> _PROBLEM TO SOLVE_:
Lines from the line with "world_world.node_tree.nodes; _L = world_world.node_tree.links" to the line with "me_circle = bpy.data.meshes.new('Circle')" in the entries below, and only those, must be output exactly, with both ends included.

> _DATA_:
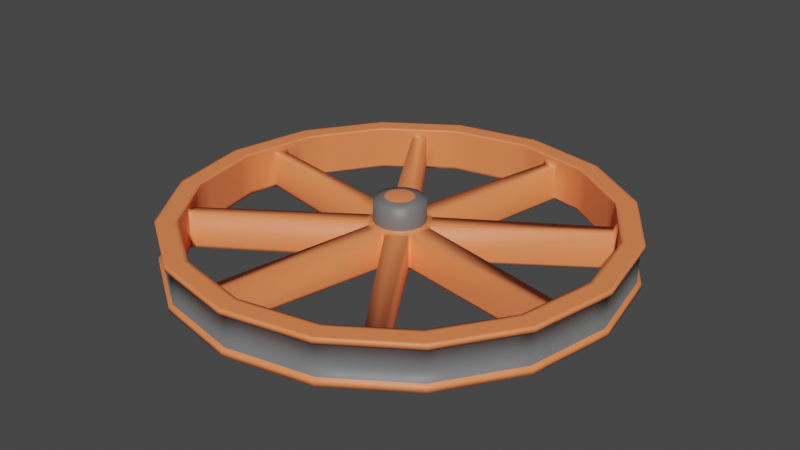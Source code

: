 # Source: Wheel.blend  (saved by Blender 3.1.7; exported with 4.5.12 LTS)
import bpy
from mathutils import Matrix  # noqa: F401  (used for matrix-valued properties, if any)

bpy.ops.wm.read_factory_settings(use_empty=True)
scene = bpy.context.scene
scene.name = 'Scene'

# ---- collections
col_collection = bpy.data.collections.new('Collection'); scene.collection.children.link(col_collection)

# ---- materials (node trees are filled in below, after node groups)
mat_material_001 = bpy.data.materials.new('Material.001')
mat_material_001.use_transparent_shadow = False
mat_material_002 = bpy.data.materials.new('Material.002')
mat_material_002.use_transparent_shadow = False

# ---- material node trees
mat_material_001.use_nodes = True; mat_material_001.node_tree.nodes.clear()
_N = mat_material_001.node_tree.nodes; _L = mat_material_001.node_tree.links
n0 = _N.new('ShaderNodeBsdfPrincipled'); n0.name = 'Principled BSDF'; n0.location = (10, 300)
n0.distribution = 'GGX'
n0.subsurface_method = 'RANDOM_WALK_SKIN'
n0.inputs[0].default_value = (1.0, 0.2462, 0.0865, 1.0)
n0.inputs[3].default_value = 1.45
n0.inputs[27].default_value = (0.0, 0.0, 0.0, 1.0)
n0.inputs[28].default_value = 1.0
n1 = _N.new('ShaderNodeOutputMaterial'); n1.name = 'Material Output'; n1.location = (300, 300)
_L.new(n0.outputs[0], n1.inputs[0])
n1.is_active_output = True
mat_material_002.use_nodes = True; mat_material_002.node_tree.nodes.clear()
_N = mat_material_002.node_tree.nodes; _L = mat_material_002.node_tree.links
n0 = _N.new('ShaderNodeBsdfPrincipled'); n0.name = 'Principled BSDF'; n0.location = (10, 300)
n0.distribution = 'GGX'
n0.subsurface_method = 'RANDOM_WALK_SKIN'
n0.inputs[0].default_value = (0.1626, 0.1626, 0.1626, 1.0)
n0.inputs[3].default_value = 1.45
n0.inputs[27].default_value = (0.0, 0.0, 0.0, 1.0)
n0.inputs[28].default_value = 1.0
n1 = _N.new('ShaderNodeOutputMaterial'); n1.name = 'Material Output'; n1.location = (300, 300)
_L.new(n0.outputs[0], n1.inputs[0])
n1.is_active_output = True

# ---- world
world_world = bpy.data.worlds.new('World'); scene.world = world_world
world_world.use_nodes = True; world_world.node_tree.nodes.clear()
_N = world_world.node_tree.nodes; _L = world_world.node_tree.links
n0 = _N.new('ShaderNodeOutputWorld'); n0.name = 'World Output'; n0.location = (300, 300)
n1 = _N.new('ShaderNodeBackground'); n1.name = 'Background'; n1.location = (10, 300)
n1.inputs[0].default_value = (0.05088, 0.05088, 0.05088, 1.0)
_L.new(n1.outputs[0], n0.inputs[0])
n0.is_active_output = True
world_world.color = (0.05088, 0.05088, 0.05088)
world_world.use_sun_shadow = False
world_world.sun_shadow_jitter_overblur = 0.0

# ---- meshes
me_circle = bpy.data.meshes.new('Circle')
me_circle.from_pydata([(0.0, 1.0, 0.2132), (-0.3827, 0.9239, 0.2132), (-0.7071, 0.7071, 0.2132), (-0.9239, 0.3827, 0.2132), (-1.0, -4.371e-08, 0.2132), (-0.9239, -0.3827, 0.2132), (-0.7071, -0.7071, 0.2132), (-0.3827, -0.9239, 0.2132), (8.742e-08, -1.0, 0.2132), (0.3827, -0.9239, 0.2132), (0.7071, -0.7071, 0.2132), (0.9239, -0.3827, 0.2132), (1.0, 1.192e-08, 0.2132), (0.9239, 0.3827, 0.2132), (0.7071, 0.7071, 0.2132), (0.3827, 0.9239, 0.2132), (-0.02836, 0.1496, 0.1817), (-0.03284, 0.1478, 0.1817), (-0.124, 0.08691, 0.1817), (-0.1279, 0.08062, 0.1817), (-0.149, -0.02555, 0.1817), (-0.1459, -0.03573, 0.1817), (-0.08884, -0.1211, 0.1817), (-0.08073, -0.1279, 0.1817), (0.02566, -0.149, 0.1817), (0.03339, -0.1474, 0.1817), (0.1234, -0.08727, 0.1817), (0.1274, -0.08295, 0.1817), (0.1495, 0.02788, 0.1817), (0.1468, 0.03439, 0.1817), (0.08794, 0.1224, 0.1817), (0.08343, 0.1273, 0.1817), (0.9848, -0.07654, 0.2132), (0.9696, -0.1531, 0.2132), (0.9543, -0.2296, 0.2132), (0.9391, -0.3061, 0.2132), (0.9391, 0.3061, 0.2132), (0.9543, 0.2296, 0.2132), (0.9696, 0.1531, 0.2132), (0.9848, 0.07654, 0.2132), (0.7505, 0.6422, 0.2132), (0.7938, 0.5773, 0.2132), (0.8372, 0.5125, 0.2132), (0.8805, 0.4476, 0.2132), (0.4476, 0.8805, 0.2132), (0.5125, 0.8372, 0.2132), (0.5773, 0.7938, 0.2132), (0.6422, 0.7505, 0.2132), (0.07654, 0.9848, 0.2132), (0.1531, 0.9696, 0.2132), (0.2296, 0.9543, 0.2132), (0.3061, 0.9391, 0.2132), (-0.3061, 0.9391, 0.2132), (-0.2296, 0.9543, 0.2132), (-0.1531, 0.9696, 0.2132), (-0.07654, 0.9848, 0.2132), (-0.6422, 0.7505, 0.2132), (-0.5773, 0.7938, 0.2132), (-0.5125, 0.8372, 0.2132), (-0.4476, 0.8805, 0.2132), (-0.8805, 0.4476, 0.2132), (-0.8372, 0.5125, 0.2132), (-0.7938, 0.5773, 0.2132), (-0.7505, 0.6422, 0.2132), (-0.9848, 0.07654, 0.2132), (-0.9696, 0.1531, 0.2132), (-0.9543, 0.2296, 0.2132), (-0.9391, 0.3061, 0.2132), (-0.9391, -0.3061, 0.2132), (-0.9543, -0.2296, 0.2132), (-0.9696, -0.1531, 0.2132), (-0.9848, -0.07654, 0.2132), (-0.7505, -0.6422, 0.2132), (-0.7938, -0.5773, 0.2132), (-0.8372, -0.5125, 0.2132), (-0.8805, -0.4476, 0.2132), (-0.4476, -0.8805, 0.2132), (-0.5125, -0.8372, 0.2132), (-0.5773, -0.7938, 0.2132), (-0.6422, -0.7505, 0.2132), (-0.07654, -0.9848, 0.2132), (-0.1531, -0.9696, 0.2132), (-0.2296, -0.9543, 0.2132), (-0.3061, -0.9391, 0.2132), (0.3061, -0.9391, 0.2132), (0.2296, -0.9543, 0.2132), (0.1531, -0.9696, 0.2132), (0.07654, -0.9848, 0.2132), (0.6422, -0.7505, 0.2132), (0.5773, -0.7938, 0.2132), (0.5125, -0.8372, 0.2132), (0.4476, -0.8805, 0.2132), (0.8805, -0.4476, 0.2132), (0.8372, -0.5125, 0.2132), (0.7938, -0.5773, 0.2132), (0.7505, -0.6422, 0.2132), (2.058e-09, 1.102, 0.2033), (-0.4218, 1.018, 0.2033), (-0.7795, 0.7795, 0.2033), (-1.018, 0.4218, 0.2033), (-1.102, -4.75e-08, 0.2033), (-1.018, -0.4218, 0.2033), (-0.7795, -0.7795, 0.2033), (-0.4218, -1.018, 0.2033), (9.843e-08, -1.102, 0.2033), (0.4218, -1.018, 0.2033), (0.7795, -0.7795, 0.2033), (1.018, -0.4218, 0.2033), (1.102, 1.383e-08, 0.2033), (1.018, 0.4218, 0.2033), (0.7795, 0.7795, 0.2033), (0.4218, 1.018, 0.2033), (1.086, -0.08437, 0.2033), (1.069, -0.1687, 0.2033), (1.052, -0.2531, 0.2033), (1.035, -0.3375, 0.2033), (1.035, 0.3375, 0.2033), (1.052, 0.2531, 0.2033), (1.069, 0.1687, 0.2033), (1.086, 0.08437, 0.2033), (0.8273, 0.7079, 0.2033), (0.875, 0.6364, 0.2033), (0.9228, 0.5649, 0.2033), (0.9706, 0.4934, 0.2033), (0.4934, 0.9706, 0.2033), (0.5649, 0.9228, 0.2033), (0.6364, 0.875, 0.2033), (0.7079, 0.8273, 0.2033), (0.08437, 1.086, 0.2033), (0.1687, 1.069, 0.2033), (0.2531, 1.052, 0.2033), (0.3375, 1.035, 0.2033), (-0.3375, 1.035, 0.2033), (-0.2531, 1.052, 0.2033), (-0.1687, 1.069, 0.2033), (-0.08437, 1.086, 0.2033), (-0.7079, 0.8273, 0.2033), (-0.6364, 0.875, 0.2033), (-0.5649, 0.9228, 0.2033), (-0.4934, 0.9706, 0.2033), (-0.9706, 0.4934, 0.2033), (-0.9228, 0.5649, 0.2033), (-0.875, 0.6364, 0.2033), (-0.8273, 0.7079, 0.2033), (-1.086, 0.08437, 0.2033), (-1.069, 0.1687, 0.2033), (-1.052, 0.2531, 0.2033), (-1.035, 0.3375, 0.2033), (-1.035, -0.3375, 0.2033), (-1.052, -0.2531, 0.2033), (-1.069, -0.1687, 0.2033), (-1.086, -0.08437, 0.2033), (-0.8273, -0.7079, 0.2033), (-0.875, -0.6364, 0.2033), (-0.9228, -0.5649, 0.2033), (-0.9706, -0.4934, 0.2033), (-0.4934, -0.9706, 0.2033), (-0.5649, -0.9228, 0.2033), (-0.6364, -0.875, 0.2033), (-0.7079, -0.8273, 0.2033), (-0.08437, -1.086, 0.2033), (-0.1687, -1.069, 0.2033), (-0.2531, -1.052, 0.2033), (-0.3375, -1.035, 0.2033), (0.3375, -1.035, 0.2033), (0.2531, -1.052, 0.2033), (0.1687, -1.069, 0.2033), (0.08437, -1.086, 0.2033), (0.7079, -0.8273, 0.2033), (0.6364, -0.875, 0.2033), (0.5649, -0.9228, 0.2033), (0.4934, -0.9706, 0.2033), (0.9706, -0.4934, 0.2033), (0.9228, -0.5649, 0.2033), (0.875, -0.6364, 0.2033), (0.8273, -0.7079, 0.2033), (-0.04728, 0.1142, 0.1817), (2.636e-09, 0.1236, 0.1817), (-0.1142, 0.04728, 0.1817), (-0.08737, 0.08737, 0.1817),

> _RESULT OF THIS EXERCISE_:
_N = world_world.node_tree.nodes; _L = world_world.node_tree.links
n0 = _N.new('ShaderNodeOutputWorld'); n0.name = 'World Output'; n0.location = (300, 300)
n1 = _N.new('ShaderNodeBackground'); n1.name = 'Background'; n1.location = (10, 300)
n1.inputs[0].default_value = (0.05088, 0.05088, 0.05088, 1.0)
_L.new(n1.outputs[0], n0.inputs[0])
n0.is_active_output = True
world_world.color = (0.05088, 0.05088, 0.05088)
world_world.use_sun_shadow = False
world_world.sun_shadow_jitter_overblur = 0.0

# ---- meshes
me_circle = bpy.data.meshes.new('Circle')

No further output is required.